Sometimes when developing on DSPs we need to keep precise timing records between inputs and outputs. For example, the time between an incoming sinusoid, work performed on it, and output sinusoid might be expected to be 5ms in a requirement. But care should be taken to be clear on what the requirements mean by time between "input" and "output". It could be referring to the actual DSP or it could be referring to the entire system. Each component has a delay attributed to it. For example just because the signal is output from the DSP doesn't mean it won't go through filters, upconverters, digital to analog converters, splitters, amplifiers, etc. These could be in the form of FPGAs from Xilinx, other DSPs, or separate "black boxes". You need to ensure that the timing development reflects the entire system. Otherwise the system may be completely non-functional.

Cache Coherency and DMA Transfers

When performing DMA transfers on modern computers (or DSPs in my case), it is important to remember some important points in order to be successful. I will review the points I know are important to Texas Instruments DSP development. I'm sure they are applicable to other hardware as well.

One of the most important points is the following: DMA transfers do not automatically handle cache coherency. The first time I attempted to use DMA transfers in development I was moving data directly from one external memory to another external memory (this is also a bad idea, which I'll go over later). Upon completion when the destination data was read, it was corrupt, why? Because when you request a DMA transfer from a cacheable memory location in external memory, the L2 controller pulls the data directly from that external memory location. This is a problem if you've been writing to that location previously, because the most recent data will only be held in L2 cache and only old data will reside in external memory. You need to issue a cache writeback or "flush" before you issue a DMA request that reads from a cacheable memory location. Likewise, if you are writing to external memory you need to invalidate cache lines, otherwise old data will be retrieved from the cache.

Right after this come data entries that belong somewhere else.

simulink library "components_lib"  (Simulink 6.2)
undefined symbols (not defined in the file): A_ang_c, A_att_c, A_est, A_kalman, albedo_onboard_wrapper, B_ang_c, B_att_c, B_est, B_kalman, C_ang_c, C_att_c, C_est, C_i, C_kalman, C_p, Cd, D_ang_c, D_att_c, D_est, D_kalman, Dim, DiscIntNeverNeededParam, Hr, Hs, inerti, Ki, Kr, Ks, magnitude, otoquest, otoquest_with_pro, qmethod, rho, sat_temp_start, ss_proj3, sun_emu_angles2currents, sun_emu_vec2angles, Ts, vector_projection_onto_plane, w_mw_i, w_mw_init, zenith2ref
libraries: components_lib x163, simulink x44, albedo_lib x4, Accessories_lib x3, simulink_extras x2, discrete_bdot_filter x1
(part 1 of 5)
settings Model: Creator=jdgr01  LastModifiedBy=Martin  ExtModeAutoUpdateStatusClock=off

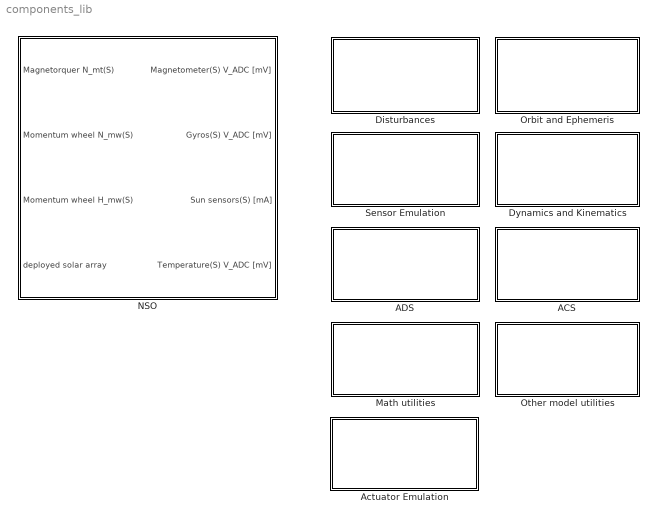
== system components_lib ==
  ACS : Subsystem
  ADS : Subsystem
  Actuator Emulation : Subsystem
  Disturbances : Subsystem
  Dynamics and Kinematics : Subsystem
  Math utilities : Subsystem
  NSO : Subsystem  Tag=AAUSAT-II Model  Description=AAUSAT-II Model  mask{r_com_s=[0.05 0.05 0.15], sat_temp_start=0, r_com_s_deployed=[0.05 0.05 0.125], mass_sc=3, Dim=[0.1 0.1 0.3], inertia_c=[25 25 5]/1e3, inertia_d=[42.3 42.3 28.4]/1e3, init_jd=2452315.56, q_s_c=[0 0 0 1], q_init_s_i=[sqrt(0.5) 0 0 sqrt(0.5)], w_init_s=[0.1 0.1 0.1]*0, Cd=2, rho=9.25e-13, enable_sensor_emulation=off, alb_emu_enabled=off, enable_dist=off}
      mask prompts: r_com_s "Center of mass (S)"; sat_temp_start "Start temperature of satellite [K]"; r_com_s_deployed "Center of mass (deployed)"; mass_sc "Mass of spacecraft (kg)"; Dim "Dimensions of the satellite (m)"; inertia_c "Folded inertia matrix(C)"; inertia_d "Deployed inertia matrix(C)"; init_jd "Initial time (JD)"; q_s_c "Controller reference frame (S->C)"; q_init_s_i "Initial attitude q_i(S->I)"; w_init_s "Initial angular rate W(S)"; Cd "Drag Coefficient"; rho "Air Density"; enable_sensor_emulation "Enable sensor emulation?"; alb_emu_enabled "Enable albedo emulation?"; enable_dist "Enable disturbances"
      mask Display:
      | image(imread('NSO.jpg'));
      | color('r');
      | port_label('input', 1, 'N_mt(S)');
      | port_label('input', 2, 'N_mw(S)');
      | port_label('input', 3, 'H_mw(S)');
      | port_label('input', 4, 'Deployed solar array');
      | port_label('output', 1, 'Magnetometer(S) V_ADC [mV]');
      | port_label('output', 2, 'Gyros(S) V_ADC [mV]');
      | port_label('output', 3, 'Sun sensors(S) [mA]');
      | port_label('output', 4, 'Temperature(S) V_ADC [mV]');
  Orbit and Ephemeris : Subsystem
  Other model utilities : Subsystem
  Sensor Emulation : Subsystem

== system components_lib/ACS ==
  Controllers : Subsystem
  Magnetorquer power driver : Subsystem
  magnetorquer driver : Subsystem
      mask Display:
      | port_label('output',1,'I_out')
      | port_label('input',1,'Nmt(sat)')
      | port_label('input',2,'B(sat)')

== system components_lib/ADS ==
  Attitude Determination : Subsystem
  FDI : Subsystem
  On-board model : Subsystem

== system components_lib/Actuator Emulation ==
  Magnetorquer : Subsystem  mask{v_max_mt=5, coil_dim=[0.07 0.21], L_mt=26.956e-3, n_mt=435, A_wire_mt=(pi/4)*0.0002^2, sigma_0_mt=1.7e-8, alpha_0_mt=3.9e-3, T_0_mt=293}
      mask prompts: v_max_mt "Maximum voltage"; coil_dim "Coil dimensions [x y]"; L_mt "Coil inductance"; n_mt "Coil winding number"; A_wire_mt "Wire cross sectional area"; sigma_0_mt "Wire resistivity"; alpha_0_mt "Wire resistivity temp. coef."; T_0_mt "Wire resistivity base temp."
  Magnetorquer without L : Subsystem  mask{v_max_mt=5, coil_dim=[0.07 0.21], n_mt=435, A_wire_mt=(pi/4)*0.0002^2, sigma_0_mt=1.7e-8, alpha_0_mt=3.9e-3, T_0_mt=293}
      mask prompts: v_max_mt "Maximum voltage"; coil_dim "Coil dimensions [x y]"; n_mt "Coil winding number"; A_wire_mt "Wire cross sectional area"; sigma_0_mt "Wire resistivity"; alpha_0_mt "Wire resistivity temp. coef."; T_0_mt "Wire resistivity base temp."
  Momentum wheel : Subsystem  mask{v_max_mw=3, v_min_mw=0, R_mw=8, L_mw=0.07e-3, C_t=2.67e-3, C_s=0.0027, mu_f=39.606e-9, I_mw=4.139e-6}
      mask prompts: v_max_mw "Maximum voltage"; v_min_mw "Minimum voltage"; R_mw "Amature resistance"; L_mw "Amature inductance"; C_t "Motor torque constant"; C_s "Motor speed constant"; mu_f "Viscous friction coef."; I_mw "Momentum wheel inertia"
  NSO magnetorquers : Subsystem
  NSO magnetorquers without L : Subsystem
  NSO momentum wheels : Subsystem  mask{w_mw_i=[1078.6 1078.6 1078.6] *0.5}
      mask prompts: w_mw_i "Initial Angular Velocity"
  NSO mw HW : Subsystem  mask{C_p=0.4, C_i=0.04, w_mw_init=w_mw_i(1)}
      mask prompts: C_p "Motor controller p-gain"; C_i "Motor controller i-gain"; w_mw_init "Initial Angular velocity"
  PI-controller : Subsystem  mask{PI_cp=C_p, PI_ci=C_i, int_limit_max=3, int_limit_min=-3}
      mask prompts: PI_cp "Porpotional gain"; PI_ci "Integrator gain"; int_limit_max "Integrator limit max"; int_limit_min "Integrator limit min"

== system components_lib/Disturbances ==
  Atmospheric : Subsystem
  Disturbances : Subsystem
  Exposed area : Subsystem  mask{dim_sat_area=Dim, dim_sat_array=[-0.30,-0.30]}
      mask prompts: dim_sat_area "Satellite Body Dimentions [x,y,z]"; dim_sat_array "Solar Array Dimentions [array1_y,array2_x]"
  Gravity : Subsystem  mask{G=6.673e-11, M_sun=1.98892e30, M_moon=7.36e22, M_earth=5.9742e24}
      mask prompts: G "Gravitational Constant (m^3/kgs^2)"; M_sun "Mass of the Sun (kg)"; M_moon "Mass of the Moon (kg)"; M_earth "Mass of the Earth (kg)"
  Magnetic residual disturbance : Subsystem
  Radiation (I) : Subsystem

== system components_lib/Dynamics and Kinematics ==
  Spacecraft Dynamics : Subsystem

== system components_lib/Math utilities ==
  Quaternion operations : Subsystem
  Vector operations : Subsystem

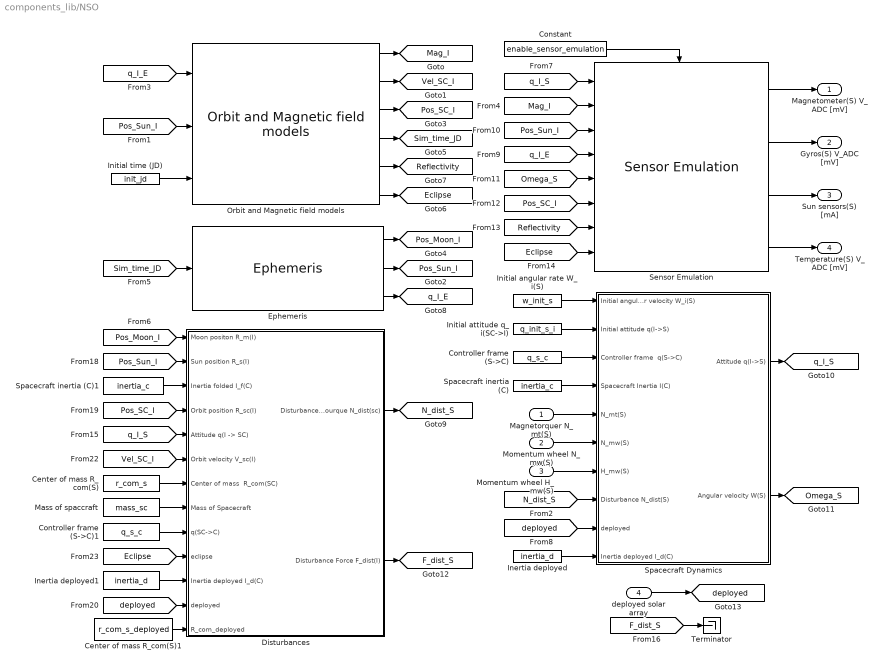
== system components_lib/NSO ==
  Magnetorquer N_mt(S) : Inport  Port=1  LatchInput=off
  Momentum wheel N_mw(S) : Inport  Port=2  LatchInput=off
  Momentum wheel H_mw(S) : Inport  Port=3  LatchInput=off
  deployed solar array : Inport  Port=4  LatchInput=off
  Center of mass R_com(S) : Constant  Value=r_com_s
  Center of mass R_com(S)1 : Constant  Value=r_com_s_deployed
  Constant : Constant  Value=enable_sensor_emulation
  Controller frame (S->C) : Constant  Value=q_s_c
  Controller frame (S->C)1 : Constant  Value=q_s_c
  Disturbances : Subsystem  AncestorBlock=components_lib/Disturbances/Disturbances
  Ephemeris : components_lib/Orbit and Ephemeris/Ephemeris
  Inertia deployed : Constant  Value=inertia_d
  Inertia deployed1 : Constant  Value=inertia_d
  Initial angular rate W_i(S) : Constant  Value=w_init_s
  Initial attitude q_i(SC->I) : Constant  Value=q_init_s_i
  Initial time (JD) : Constant  Value=init_jd
  Mass of spaccraft : Constant  Value=mass_sc
  Orbit and Magnetic field models : components_lib/Orbit and Ephemeris/Orbit and Magnetic field models  data_type=SGP4/IGRF models  tle_type=Oersted TLE  reflectivity_enabled=0
  Sensor Emulation : components_lib/Sensor Emulation/Sensor Emulation
  Spacecraft Dynamics : Subsystem  AncestorBlock=components_lib/Dynamics and Kinematics/Spacecraft Dynamics
  Spacecraft inertia (C) : Constant  Value=inertia_c
  Spacecraft inertia (C)1 : Constant  Value=inertia_c
  Terminator : Terminator
  Magnetometer(S) V_ADC [mV] : Outport
  Gyros(S) V_ADC [mV] : Outport  Port=2
  Sun sensors(S) [mA] : Outport  Port=3
  Temperature(S) V_ADC [mV] : Outport  Port=4
  tag scope: Eclipse=global, F_dist_S=global, Mag_I=global, N_dist_S=global, Omega_S=global, Pos_Moon_I=global, Pos_SC_I=global, Pos_Sun_I=global, Reflectivity=global, Sim_time_JD=global, Vel_SC_I=global, deployed=global, q_I_E=global, q_I_S=global
  wires:
  [N_dist_S] -> Spacecraft Dynamics/8(Disturbance N_dist(S))
  Center of mass R_com(S)1/1 -> Disturbances/13(R_com_deployed)
  Momentum wheel N_mw(S)/1 -> Spacecraft Dynamics/6(N_mw(S))
  [Eclipse] -> Disturbances/10(eclipse)
  [Reflectivity] -> Sensor Emulation/7
  [Pos_SC_I] -> Sensor Emulation/6
  [Omega_S] -> Sensor Emulation/5
  [q_I_E] -> Sensor Emulation/4
  [Mag_I] -> Sensor Emulation/2
  [Pos_Sun_I] -> Sensor Emulation/3
  [q_I_S] -> Sensor Emulation/1
  [Vel_SC_I] -> Disturbances/6(Orbit velocity V_sc(I))
  [q_I_S] -> Disturbances/5("Attitude q(I -> SC)")
  [Pos_SC_I] -> Disturbances/4(Orbit position R_sc(I))
  Initial time (JD)/1 -> Orbit and Magnetic field models/3
  [Pos_Sun_I] -> Disturbances/2(Sun position R_s(I))
  [Pos_Moon_I] -> Disturbances/1(Moon positon R_m(I))
  [Pos_Sun_I] -> Orbit and Magnetic field models/2
  [Sim_time_JD] -> Ephemeris/1
  Spacecraft Dynamics/2(Angular velocity W(S)) -> [Omega_S]
  Spacecraft Dynamics/1(Attitude q(I->S)) -> [q_I_S]
  Disturbances/2(Disturbance Force F_dist(I)) -> [F_dist_S]
  Orbit and Magnetic field models/5 -> [Reflectivity]
  Ephemeris/3 -> [q_I_E]
  Ephemeris/2 -> [Pos_Sun_I]
  Ephemeris/1 -> [Pos_Moon_I]
  Orbit and Magnetic field models/4 -> [Sim_time_JD]
  Initial attitude q_i(SC->I)/1 -> Spacecraft Dynamics/2(Initial attitude q(I->S))
  Initial angular rate W_i(S)/1 -> Spacecraft Dynamics/1(Initial angular velocity W_i(S))
  Orbit and Magnetic field models/3 -> [Pos_SC_I]
  Controller frame (S->C)/1 -> Spacecraft Dynamics/3(Controller frame  q(S->C))
  Spacecraft inertia (C)/1 -> Spacecraft Dynamics/4(Spacecraft Inertia I(C))
  Spacecraft inertia (C)1/1 -> Disturbances/3(Inertia folded I_f(C))
  Center of mass R_com(S)/1 -> Disturbances/7(Center of mass  R_com(SC))
  [q_I_E] -> Orbit and Magnetic field models/1
  Orbit and Magnetic field models/2 -> [Vel_SC_I]
  Sensor Emulation/3 -> Sun sensors(S) [mA]/1
  Sensor Emulation/2 -> Gyros(S) V_ADC [mV]/1
  Sensor Emulation/1 -> Magnetometer(S) V_ADC [mV]/1
  Orbit and Magnetic field models/1 -> [Mag_I]
  Mass of spaccraft/1 -> Disturbances/8("Mass of Spacecraft ")
  Controller frame (S->C)1/1 -> Disturbances/9(q(SC->C))
  Momentum wheel H_mw(S)/1 -> Spacecraft Dynamics/7(H_mw(S))
  Magnetorquer N_mt(S)/1 -> Spacecraft Dynamics/5(N_mt(S))
  Sensor Emulation/4 -> Temperature(S) V_ADC [mV]/1
  Orbit and Magnetic field models/6 -> [Eclipse]
  [Eclipse] -> Sensor Emulation/8
  [F_dist_S] -> Terminator/1
  deployed solar array/1 -> [deployed]
  Inertia deployed/1 -> Spacecraft Dynamics/10(Inertia deployed I_d(C))
  [deployed] -> Spacecraft Dynamics/9(deployed)
  [deployed] -> Disturbances/12(deployed)
  Inertia deployed1/1 -> Disturbances/11(Inertia deployed I_d(C))
  Disturbances/1(Disturbance tourque N_dist(sc)) -> [N_dist_S]
  Constant/1 -> Sensor Emulation/Enable

== system components_lib/Orbit and Ephemeris ==
  (IGRF) Magnetic field : Subsystem  TreatAsAtomicUnit=on
  Albedo : Subsystem  TreatAsAtomicUnit=on
  Albedo emulation model : Subsystem
  Eclipse model : Subsystem  mask{r_e=6371010, theta_e=65}
      mask prompts: r_e "Radius of Earth [m]"; theta_e "Max. angle of theta [deg] (eclipse: theta > r_earth/norm(R_SA))"
      mask Display:
      | image(imread('eclipse.jpg'));
      | color('white');
      | port_label('input', 1, 'Sun vector (I)');
      | port_label('input', 2, 'Satellite vector (I)');
      | port_label('output', 1, 'Eclipse');
      | fprintf('1=true,\n 0=false')
  Ephemeris : Subsystem
  Magnetic field model : Subsystem
  Orbit and Magnetic field models : Subsystem  mask{data_type=SGP4/IGRF models, tle_type=Oersted TLE, reflectivity_enabled=0}
      mask prompts: data_type "Data to use for Pos. and mag. field"; tle_type "Choose which TLE to use for SGP4"; reflectivity_enabled "Calculate reflectivity matrix"
      mask help: When you want to use "Other" make sure to define the TLE in the SGP4 subsystem.
      mask init:
      | % if oersted data -> data_type=1
      | % if SGP4/IGRF model -> data_type=2
      | 
      | disp('Using Oersted data for Pos./mag field. Loading measurement data...');
      | load('oersted_data.mat')
      | 
      | if data_type==1
      |     disp('Done loading Oersted data...');
      |     enable_oersted=1;
      |     enable_sgp4 = 0;
      |     enable_IGRF = 0;
      |     enable_custom_time = 0;
      | else
      |     disp('Using SGP4/IGRF model for Pos./mag field.');
      |     enable_oersted = 0;
      |     enable_sgp4 = 1;
      |     enable_IGRF = 1;
      |     enable_custom_time = 1;
      | end
      | 
      | if tle_type==1 %Choose which TLE to use
      |     enable_oersted_tle=1;
      |     enable_other_tle=0;
      | else
      |     enable_oersted_tle=0;
      |     enable_other_tle=1;
      | end
      mask StyleString: popup(Oersted meas data|SGP4/IGRF models),popup(Oersted TLE|Other TLE),edit

== system components_lib/Other model utilities ==
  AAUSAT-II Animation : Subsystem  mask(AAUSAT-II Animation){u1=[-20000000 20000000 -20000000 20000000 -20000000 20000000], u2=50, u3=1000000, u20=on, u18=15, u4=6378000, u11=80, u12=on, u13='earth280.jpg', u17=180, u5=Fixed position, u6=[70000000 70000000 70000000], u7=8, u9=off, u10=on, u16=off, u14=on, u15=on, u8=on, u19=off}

To make things more efficient, you need to consider the size of your cache lines and how they relate to your data in external memory. This is important because cache operations are entire line operations, not partial lines. Don't forget about internal DMA requests here (requests issued in the background by the L2 memory controller). On a cache miss of an external memory location, an entire L2 line's worth of data is fetched via an internal DMA request. So you want to "align" your data to the cache lines so each cache operation is as quick as possible, ie it only performs one DMA transfer and not two. On TI DSPs this is done with #pragma DATA_ALIGN(buffer, section).

One more thing, like was noted before, moving data from one external memory to another using DMA is extremely inefficient. Remember that the memory bus speed is very slow compared to the DSP/CPU clock. So that means that not only are you extremely slowed by one bus (read), but two (write), because the data must pass through the L2 memory controller. If at all possible use internal RAM. On TI DSPs, the leftover L2 after cache configuration becomes IRAM (aka ISRAM). To use IRAM on the DSP you would create a new section in the linker file that points to IRAM, and then in your code you would make a buffer reside in that section by #pragma DATA_SECTION(buffer, section).